Task statement -> Lines of the data that contain the word "other" are the ones to copy.

· · · · ·

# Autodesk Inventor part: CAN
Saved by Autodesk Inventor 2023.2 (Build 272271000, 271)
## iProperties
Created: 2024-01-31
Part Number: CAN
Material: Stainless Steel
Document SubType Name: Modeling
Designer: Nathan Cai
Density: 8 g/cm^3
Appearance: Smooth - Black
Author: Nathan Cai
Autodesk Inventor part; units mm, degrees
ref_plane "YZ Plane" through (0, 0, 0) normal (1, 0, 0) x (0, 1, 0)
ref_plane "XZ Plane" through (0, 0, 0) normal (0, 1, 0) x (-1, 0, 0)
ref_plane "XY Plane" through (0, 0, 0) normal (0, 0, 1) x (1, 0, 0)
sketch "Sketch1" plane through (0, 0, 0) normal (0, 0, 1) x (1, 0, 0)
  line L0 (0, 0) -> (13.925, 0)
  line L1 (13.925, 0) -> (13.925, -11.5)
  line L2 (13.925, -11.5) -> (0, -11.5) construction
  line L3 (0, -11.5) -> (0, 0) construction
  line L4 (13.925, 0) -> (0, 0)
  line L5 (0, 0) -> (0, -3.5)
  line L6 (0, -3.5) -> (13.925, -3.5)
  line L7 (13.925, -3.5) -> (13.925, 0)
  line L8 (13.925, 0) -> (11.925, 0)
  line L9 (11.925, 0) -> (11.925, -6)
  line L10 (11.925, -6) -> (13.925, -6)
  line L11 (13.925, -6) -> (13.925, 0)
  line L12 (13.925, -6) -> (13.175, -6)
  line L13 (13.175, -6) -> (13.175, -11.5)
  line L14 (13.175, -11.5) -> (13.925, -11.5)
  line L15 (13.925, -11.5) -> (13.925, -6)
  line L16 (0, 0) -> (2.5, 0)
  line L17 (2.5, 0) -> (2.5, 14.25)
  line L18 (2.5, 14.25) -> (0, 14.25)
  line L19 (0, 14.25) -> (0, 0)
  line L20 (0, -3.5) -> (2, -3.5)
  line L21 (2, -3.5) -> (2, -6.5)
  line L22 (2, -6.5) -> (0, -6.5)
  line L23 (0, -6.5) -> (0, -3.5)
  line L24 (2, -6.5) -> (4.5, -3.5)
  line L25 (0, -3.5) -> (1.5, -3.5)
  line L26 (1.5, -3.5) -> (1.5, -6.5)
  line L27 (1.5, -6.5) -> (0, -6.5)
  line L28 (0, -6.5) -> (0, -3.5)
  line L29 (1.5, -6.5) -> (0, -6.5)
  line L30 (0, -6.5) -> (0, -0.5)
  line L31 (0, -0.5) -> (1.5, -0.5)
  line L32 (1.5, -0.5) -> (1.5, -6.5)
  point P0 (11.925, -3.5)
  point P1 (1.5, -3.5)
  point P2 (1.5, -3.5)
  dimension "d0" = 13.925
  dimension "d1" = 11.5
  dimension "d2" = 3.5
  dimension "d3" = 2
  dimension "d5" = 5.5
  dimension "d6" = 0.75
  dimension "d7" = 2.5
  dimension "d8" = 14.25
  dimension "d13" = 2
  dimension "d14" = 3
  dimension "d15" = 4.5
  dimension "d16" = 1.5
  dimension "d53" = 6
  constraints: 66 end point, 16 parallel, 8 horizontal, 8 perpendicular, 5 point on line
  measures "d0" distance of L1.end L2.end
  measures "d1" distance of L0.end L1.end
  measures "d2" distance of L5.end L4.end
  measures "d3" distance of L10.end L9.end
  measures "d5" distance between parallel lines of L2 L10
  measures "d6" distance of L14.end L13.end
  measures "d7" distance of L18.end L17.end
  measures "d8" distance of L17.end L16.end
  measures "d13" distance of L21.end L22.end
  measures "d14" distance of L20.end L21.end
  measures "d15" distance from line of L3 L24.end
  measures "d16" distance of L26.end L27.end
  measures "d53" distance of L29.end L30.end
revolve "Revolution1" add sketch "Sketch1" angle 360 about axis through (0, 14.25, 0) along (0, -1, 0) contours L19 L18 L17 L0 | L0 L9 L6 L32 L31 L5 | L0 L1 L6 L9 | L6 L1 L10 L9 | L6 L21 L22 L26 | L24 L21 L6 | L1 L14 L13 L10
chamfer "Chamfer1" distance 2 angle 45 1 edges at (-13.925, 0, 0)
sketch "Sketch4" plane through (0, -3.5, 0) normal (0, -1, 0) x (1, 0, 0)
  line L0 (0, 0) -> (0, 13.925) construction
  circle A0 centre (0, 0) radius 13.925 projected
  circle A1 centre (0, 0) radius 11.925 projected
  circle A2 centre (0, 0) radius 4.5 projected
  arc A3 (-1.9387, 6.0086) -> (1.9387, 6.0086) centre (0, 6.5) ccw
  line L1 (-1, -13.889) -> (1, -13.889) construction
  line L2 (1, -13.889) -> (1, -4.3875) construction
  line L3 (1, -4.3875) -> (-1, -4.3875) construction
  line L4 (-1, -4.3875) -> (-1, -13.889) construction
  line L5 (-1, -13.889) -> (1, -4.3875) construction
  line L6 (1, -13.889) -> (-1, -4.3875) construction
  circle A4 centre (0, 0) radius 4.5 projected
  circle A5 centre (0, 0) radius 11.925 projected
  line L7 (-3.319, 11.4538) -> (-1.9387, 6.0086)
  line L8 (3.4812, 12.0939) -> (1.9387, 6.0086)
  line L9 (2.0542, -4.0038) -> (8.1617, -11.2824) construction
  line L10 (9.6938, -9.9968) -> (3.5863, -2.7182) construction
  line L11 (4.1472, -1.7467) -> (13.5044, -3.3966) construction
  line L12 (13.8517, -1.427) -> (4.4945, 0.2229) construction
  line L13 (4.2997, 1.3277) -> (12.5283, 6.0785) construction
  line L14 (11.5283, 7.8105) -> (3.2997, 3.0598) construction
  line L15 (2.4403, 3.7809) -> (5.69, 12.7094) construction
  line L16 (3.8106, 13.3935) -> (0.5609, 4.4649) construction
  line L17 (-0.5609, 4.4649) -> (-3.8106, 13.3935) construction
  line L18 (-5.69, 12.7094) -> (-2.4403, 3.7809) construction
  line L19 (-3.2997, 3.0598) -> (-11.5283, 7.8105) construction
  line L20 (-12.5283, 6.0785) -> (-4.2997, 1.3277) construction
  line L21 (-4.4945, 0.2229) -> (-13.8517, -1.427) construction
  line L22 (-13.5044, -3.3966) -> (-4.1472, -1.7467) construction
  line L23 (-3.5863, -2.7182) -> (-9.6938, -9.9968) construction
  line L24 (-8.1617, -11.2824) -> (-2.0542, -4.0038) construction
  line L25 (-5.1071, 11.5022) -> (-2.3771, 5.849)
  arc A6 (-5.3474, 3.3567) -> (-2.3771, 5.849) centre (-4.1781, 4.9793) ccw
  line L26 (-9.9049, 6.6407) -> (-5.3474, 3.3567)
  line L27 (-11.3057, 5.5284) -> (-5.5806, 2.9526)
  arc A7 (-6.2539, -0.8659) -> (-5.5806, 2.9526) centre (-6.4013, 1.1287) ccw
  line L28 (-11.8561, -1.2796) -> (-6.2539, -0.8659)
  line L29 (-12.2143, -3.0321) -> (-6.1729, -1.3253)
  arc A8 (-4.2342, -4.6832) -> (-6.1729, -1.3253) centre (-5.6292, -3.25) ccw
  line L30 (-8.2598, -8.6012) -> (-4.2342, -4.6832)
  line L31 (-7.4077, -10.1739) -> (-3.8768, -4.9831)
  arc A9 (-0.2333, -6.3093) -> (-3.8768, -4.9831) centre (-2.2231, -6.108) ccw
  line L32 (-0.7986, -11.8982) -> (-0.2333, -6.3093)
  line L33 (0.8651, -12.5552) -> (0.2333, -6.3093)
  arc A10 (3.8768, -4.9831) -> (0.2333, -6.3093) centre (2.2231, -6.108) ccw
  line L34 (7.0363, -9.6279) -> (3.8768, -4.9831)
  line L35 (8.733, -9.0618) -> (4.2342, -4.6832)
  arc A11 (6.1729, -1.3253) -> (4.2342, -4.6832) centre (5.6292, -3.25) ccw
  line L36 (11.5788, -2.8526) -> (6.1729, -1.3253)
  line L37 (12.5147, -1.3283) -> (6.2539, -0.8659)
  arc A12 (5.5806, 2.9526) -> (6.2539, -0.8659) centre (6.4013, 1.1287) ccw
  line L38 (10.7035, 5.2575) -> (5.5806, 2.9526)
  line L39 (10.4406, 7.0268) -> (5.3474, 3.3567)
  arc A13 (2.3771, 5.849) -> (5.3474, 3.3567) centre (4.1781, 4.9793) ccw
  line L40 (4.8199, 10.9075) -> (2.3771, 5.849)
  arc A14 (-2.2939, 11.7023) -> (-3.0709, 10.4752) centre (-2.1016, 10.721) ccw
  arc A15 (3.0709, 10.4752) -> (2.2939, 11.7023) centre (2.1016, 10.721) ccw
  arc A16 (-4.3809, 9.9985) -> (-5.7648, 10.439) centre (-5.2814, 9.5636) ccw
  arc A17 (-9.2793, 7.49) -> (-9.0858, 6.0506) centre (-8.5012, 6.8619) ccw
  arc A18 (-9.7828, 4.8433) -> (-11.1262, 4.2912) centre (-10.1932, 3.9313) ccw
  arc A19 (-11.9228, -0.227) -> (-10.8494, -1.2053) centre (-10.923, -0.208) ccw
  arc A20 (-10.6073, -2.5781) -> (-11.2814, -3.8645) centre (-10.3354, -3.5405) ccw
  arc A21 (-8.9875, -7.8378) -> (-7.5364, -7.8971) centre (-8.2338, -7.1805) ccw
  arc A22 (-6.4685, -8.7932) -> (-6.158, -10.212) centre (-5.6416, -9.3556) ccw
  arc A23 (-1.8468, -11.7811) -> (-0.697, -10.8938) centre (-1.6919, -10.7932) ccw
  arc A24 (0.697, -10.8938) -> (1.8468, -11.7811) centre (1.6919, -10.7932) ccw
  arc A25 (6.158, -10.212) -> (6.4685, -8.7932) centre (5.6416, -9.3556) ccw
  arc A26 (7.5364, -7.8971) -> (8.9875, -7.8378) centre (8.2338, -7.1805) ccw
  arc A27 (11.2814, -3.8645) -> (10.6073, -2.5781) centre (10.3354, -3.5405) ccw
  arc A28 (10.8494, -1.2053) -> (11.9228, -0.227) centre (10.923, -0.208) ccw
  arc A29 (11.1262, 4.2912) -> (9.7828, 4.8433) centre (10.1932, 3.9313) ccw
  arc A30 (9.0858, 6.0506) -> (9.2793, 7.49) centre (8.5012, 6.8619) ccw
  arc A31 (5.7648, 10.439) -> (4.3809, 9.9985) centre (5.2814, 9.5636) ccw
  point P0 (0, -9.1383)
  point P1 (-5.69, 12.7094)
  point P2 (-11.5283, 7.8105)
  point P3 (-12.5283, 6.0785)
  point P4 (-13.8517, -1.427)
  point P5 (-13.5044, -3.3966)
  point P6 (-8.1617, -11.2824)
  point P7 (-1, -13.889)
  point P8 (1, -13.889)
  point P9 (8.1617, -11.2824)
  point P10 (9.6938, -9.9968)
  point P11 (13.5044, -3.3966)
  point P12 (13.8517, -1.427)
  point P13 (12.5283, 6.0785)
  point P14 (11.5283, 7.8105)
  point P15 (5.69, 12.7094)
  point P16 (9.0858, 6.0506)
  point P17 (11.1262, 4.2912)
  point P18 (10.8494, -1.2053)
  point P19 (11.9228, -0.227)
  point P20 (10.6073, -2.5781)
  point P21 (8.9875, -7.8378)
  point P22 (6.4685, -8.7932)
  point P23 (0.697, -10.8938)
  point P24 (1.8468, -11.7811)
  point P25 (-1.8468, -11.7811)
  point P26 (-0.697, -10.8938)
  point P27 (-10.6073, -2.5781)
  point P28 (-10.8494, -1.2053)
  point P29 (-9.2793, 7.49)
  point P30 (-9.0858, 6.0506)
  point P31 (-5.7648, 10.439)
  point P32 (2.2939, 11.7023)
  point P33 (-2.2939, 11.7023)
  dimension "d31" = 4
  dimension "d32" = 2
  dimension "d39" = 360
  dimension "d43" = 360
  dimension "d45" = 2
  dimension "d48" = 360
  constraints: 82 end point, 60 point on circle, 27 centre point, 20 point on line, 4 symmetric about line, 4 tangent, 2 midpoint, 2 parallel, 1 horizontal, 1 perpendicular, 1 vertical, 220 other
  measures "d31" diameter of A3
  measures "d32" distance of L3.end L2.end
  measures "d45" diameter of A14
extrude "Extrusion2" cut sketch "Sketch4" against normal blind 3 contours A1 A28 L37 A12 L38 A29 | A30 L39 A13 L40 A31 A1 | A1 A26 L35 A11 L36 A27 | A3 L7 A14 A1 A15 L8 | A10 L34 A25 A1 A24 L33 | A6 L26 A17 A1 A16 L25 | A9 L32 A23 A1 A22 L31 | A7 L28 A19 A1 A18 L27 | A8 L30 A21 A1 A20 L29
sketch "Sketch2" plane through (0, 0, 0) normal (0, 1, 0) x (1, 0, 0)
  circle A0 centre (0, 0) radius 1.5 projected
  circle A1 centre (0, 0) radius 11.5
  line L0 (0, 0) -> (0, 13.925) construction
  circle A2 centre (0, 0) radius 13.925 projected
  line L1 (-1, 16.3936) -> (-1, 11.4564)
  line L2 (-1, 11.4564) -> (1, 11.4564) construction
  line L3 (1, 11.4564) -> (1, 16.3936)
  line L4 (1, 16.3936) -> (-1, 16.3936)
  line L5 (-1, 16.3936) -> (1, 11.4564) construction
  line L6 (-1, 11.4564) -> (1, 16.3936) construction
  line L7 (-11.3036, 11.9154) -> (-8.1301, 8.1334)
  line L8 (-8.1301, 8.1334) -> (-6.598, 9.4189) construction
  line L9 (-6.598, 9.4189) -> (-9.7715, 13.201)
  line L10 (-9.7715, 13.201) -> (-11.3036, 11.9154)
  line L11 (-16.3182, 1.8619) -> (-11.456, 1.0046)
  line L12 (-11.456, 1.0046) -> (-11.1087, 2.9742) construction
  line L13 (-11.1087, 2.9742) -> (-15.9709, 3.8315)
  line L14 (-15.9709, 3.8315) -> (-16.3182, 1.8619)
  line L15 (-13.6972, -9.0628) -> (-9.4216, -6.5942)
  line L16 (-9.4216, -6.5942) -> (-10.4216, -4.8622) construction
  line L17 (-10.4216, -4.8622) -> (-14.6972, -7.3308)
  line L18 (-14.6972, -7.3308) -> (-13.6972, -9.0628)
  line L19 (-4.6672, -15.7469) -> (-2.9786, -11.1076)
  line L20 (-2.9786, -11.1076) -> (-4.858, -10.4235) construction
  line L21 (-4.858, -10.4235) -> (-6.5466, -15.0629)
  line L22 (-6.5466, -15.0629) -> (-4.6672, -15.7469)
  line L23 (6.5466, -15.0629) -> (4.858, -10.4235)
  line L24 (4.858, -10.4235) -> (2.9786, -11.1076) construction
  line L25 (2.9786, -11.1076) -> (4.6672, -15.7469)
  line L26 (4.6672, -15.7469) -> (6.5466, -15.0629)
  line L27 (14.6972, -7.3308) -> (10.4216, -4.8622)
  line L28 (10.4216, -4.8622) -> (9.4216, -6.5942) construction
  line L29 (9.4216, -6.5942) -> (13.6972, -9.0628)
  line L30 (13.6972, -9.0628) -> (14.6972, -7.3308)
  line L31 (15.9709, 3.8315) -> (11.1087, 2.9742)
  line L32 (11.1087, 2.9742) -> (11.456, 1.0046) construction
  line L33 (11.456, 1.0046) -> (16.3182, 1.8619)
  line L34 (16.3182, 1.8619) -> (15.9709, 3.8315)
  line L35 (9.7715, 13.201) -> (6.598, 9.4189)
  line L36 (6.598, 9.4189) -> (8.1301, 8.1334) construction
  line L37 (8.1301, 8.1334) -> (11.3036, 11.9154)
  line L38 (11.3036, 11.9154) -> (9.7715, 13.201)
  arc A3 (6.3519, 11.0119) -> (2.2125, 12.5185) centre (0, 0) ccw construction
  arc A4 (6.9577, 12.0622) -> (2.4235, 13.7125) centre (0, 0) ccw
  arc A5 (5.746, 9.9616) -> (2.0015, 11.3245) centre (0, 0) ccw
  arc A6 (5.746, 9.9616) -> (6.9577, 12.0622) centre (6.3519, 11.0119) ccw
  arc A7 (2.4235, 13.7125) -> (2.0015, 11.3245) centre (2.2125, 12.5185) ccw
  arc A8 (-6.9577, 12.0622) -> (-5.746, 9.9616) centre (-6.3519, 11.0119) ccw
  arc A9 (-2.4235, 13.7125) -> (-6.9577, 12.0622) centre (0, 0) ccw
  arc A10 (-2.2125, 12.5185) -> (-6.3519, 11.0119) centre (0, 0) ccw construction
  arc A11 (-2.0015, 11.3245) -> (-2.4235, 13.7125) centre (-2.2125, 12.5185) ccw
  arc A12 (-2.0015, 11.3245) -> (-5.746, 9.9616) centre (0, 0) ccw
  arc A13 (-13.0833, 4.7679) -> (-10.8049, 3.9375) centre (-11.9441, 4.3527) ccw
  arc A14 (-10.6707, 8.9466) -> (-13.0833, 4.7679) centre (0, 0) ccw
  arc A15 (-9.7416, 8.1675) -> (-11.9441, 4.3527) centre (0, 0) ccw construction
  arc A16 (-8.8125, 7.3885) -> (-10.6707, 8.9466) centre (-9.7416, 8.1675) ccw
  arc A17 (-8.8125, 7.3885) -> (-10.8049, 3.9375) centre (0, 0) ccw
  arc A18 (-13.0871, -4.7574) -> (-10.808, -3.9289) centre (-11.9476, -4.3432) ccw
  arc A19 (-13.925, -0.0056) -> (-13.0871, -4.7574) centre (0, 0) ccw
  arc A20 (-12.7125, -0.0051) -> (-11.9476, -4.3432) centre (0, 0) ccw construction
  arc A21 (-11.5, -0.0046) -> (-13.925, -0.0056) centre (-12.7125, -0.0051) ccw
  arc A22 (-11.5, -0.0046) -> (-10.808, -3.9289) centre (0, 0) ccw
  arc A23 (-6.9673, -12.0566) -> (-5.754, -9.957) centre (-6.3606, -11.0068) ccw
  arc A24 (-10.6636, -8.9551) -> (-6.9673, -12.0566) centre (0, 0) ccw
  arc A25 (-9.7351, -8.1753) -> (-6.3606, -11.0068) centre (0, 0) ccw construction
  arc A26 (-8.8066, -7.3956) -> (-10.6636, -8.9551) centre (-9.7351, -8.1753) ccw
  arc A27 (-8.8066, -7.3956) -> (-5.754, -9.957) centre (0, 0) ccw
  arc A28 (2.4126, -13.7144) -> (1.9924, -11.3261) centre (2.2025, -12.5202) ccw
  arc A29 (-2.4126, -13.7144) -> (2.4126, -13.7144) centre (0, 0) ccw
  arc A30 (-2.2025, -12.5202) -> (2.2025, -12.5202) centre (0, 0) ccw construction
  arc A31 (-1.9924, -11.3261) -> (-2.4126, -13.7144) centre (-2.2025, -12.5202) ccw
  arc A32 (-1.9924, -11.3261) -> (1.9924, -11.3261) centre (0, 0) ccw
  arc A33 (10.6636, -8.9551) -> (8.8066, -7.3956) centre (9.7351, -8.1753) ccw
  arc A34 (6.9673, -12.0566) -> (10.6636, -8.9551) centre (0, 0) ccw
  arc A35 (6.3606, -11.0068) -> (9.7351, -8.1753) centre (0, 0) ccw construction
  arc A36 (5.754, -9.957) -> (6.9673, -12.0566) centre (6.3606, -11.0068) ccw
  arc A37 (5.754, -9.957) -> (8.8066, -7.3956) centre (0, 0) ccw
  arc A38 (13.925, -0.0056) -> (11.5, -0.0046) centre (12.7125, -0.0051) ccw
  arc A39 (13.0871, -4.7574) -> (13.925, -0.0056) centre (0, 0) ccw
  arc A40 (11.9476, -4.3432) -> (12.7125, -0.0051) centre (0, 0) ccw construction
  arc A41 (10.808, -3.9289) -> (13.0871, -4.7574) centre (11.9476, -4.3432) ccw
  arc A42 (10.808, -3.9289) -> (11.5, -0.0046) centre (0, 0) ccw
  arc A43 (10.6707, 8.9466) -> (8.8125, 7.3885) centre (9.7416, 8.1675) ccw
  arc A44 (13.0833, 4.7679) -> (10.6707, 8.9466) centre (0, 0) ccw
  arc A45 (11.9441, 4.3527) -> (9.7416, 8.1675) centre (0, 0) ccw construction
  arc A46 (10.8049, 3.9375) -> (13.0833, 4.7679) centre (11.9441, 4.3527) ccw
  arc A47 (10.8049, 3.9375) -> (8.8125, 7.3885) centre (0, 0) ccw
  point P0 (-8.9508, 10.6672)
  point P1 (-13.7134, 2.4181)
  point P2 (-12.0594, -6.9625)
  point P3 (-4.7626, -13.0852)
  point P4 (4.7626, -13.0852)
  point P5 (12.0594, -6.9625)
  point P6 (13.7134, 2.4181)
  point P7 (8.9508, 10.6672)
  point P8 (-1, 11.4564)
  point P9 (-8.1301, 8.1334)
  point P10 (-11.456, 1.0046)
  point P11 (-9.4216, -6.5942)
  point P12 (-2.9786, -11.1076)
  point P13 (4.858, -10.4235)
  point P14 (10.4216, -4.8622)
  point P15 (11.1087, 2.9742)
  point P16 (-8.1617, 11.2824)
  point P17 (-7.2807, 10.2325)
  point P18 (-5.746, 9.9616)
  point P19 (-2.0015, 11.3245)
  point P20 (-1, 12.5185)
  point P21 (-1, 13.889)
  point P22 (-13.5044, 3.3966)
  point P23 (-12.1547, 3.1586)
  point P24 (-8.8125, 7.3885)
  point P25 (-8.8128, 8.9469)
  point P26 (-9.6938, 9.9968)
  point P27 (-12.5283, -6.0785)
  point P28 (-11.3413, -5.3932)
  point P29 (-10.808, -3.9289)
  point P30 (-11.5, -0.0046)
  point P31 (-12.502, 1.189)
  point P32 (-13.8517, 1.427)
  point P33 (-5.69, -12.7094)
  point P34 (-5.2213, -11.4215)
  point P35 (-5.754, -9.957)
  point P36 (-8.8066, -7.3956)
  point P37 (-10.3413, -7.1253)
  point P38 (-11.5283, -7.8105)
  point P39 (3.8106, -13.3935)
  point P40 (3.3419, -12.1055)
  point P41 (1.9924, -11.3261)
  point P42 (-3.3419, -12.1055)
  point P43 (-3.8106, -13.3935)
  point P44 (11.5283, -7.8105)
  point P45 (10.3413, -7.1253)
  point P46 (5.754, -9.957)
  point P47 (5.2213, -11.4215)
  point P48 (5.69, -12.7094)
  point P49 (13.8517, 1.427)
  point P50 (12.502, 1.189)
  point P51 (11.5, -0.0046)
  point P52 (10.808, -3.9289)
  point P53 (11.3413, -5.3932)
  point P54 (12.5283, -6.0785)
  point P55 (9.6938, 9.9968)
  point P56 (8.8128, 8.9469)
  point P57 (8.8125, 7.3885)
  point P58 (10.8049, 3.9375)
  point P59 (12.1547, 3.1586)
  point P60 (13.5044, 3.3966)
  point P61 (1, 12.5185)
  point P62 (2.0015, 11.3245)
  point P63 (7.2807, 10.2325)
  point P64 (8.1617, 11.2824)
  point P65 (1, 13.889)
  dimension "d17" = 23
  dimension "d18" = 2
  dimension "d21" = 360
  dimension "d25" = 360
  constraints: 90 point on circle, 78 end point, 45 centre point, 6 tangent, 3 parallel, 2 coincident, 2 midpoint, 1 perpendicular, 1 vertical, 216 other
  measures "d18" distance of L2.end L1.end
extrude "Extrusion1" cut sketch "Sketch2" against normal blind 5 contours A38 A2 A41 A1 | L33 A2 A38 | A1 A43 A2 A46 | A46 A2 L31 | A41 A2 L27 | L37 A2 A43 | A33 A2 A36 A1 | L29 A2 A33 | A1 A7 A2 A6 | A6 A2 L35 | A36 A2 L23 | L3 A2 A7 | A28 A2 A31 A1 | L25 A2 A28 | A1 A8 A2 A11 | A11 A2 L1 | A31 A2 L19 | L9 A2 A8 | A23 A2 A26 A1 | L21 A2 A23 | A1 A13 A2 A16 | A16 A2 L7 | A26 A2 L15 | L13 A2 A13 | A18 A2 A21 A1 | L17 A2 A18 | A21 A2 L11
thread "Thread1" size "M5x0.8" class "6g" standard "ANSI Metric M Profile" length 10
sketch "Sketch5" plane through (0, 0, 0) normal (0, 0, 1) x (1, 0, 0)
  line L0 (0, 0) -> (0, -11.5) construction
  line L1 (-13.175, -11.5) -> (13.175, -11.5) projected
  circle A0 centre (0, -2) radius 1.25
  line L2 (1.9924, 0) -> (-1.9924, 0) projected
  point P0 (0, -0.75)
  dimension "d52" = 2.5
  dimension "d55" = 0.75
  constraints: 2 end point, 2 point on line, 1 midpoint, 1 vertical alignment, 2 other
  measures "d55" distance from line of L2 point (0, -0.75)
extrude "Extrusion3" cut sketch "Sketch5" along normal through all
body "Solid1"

· · · · ·

Solution for this task ->
  constraints: 82 end point, 60 point on circle, 27 centre point, 20 point on line, 4 symmetric about line, 4 tangent, 2 midpoint, 2 parallel, 1 horizontal, 1 perpendicular, 1 vertical, 220 other
  constraints: 90 point on circle, 78 end point, 45 centre point, 6 tangent, 3 parallel, 2 coincident, 2 midpoint, 1 perpendicular, 1 vertical, 216 other
  constraints: 2 end point, 2 point on line, 1 midpoint, 1 vertical alignment, 2 other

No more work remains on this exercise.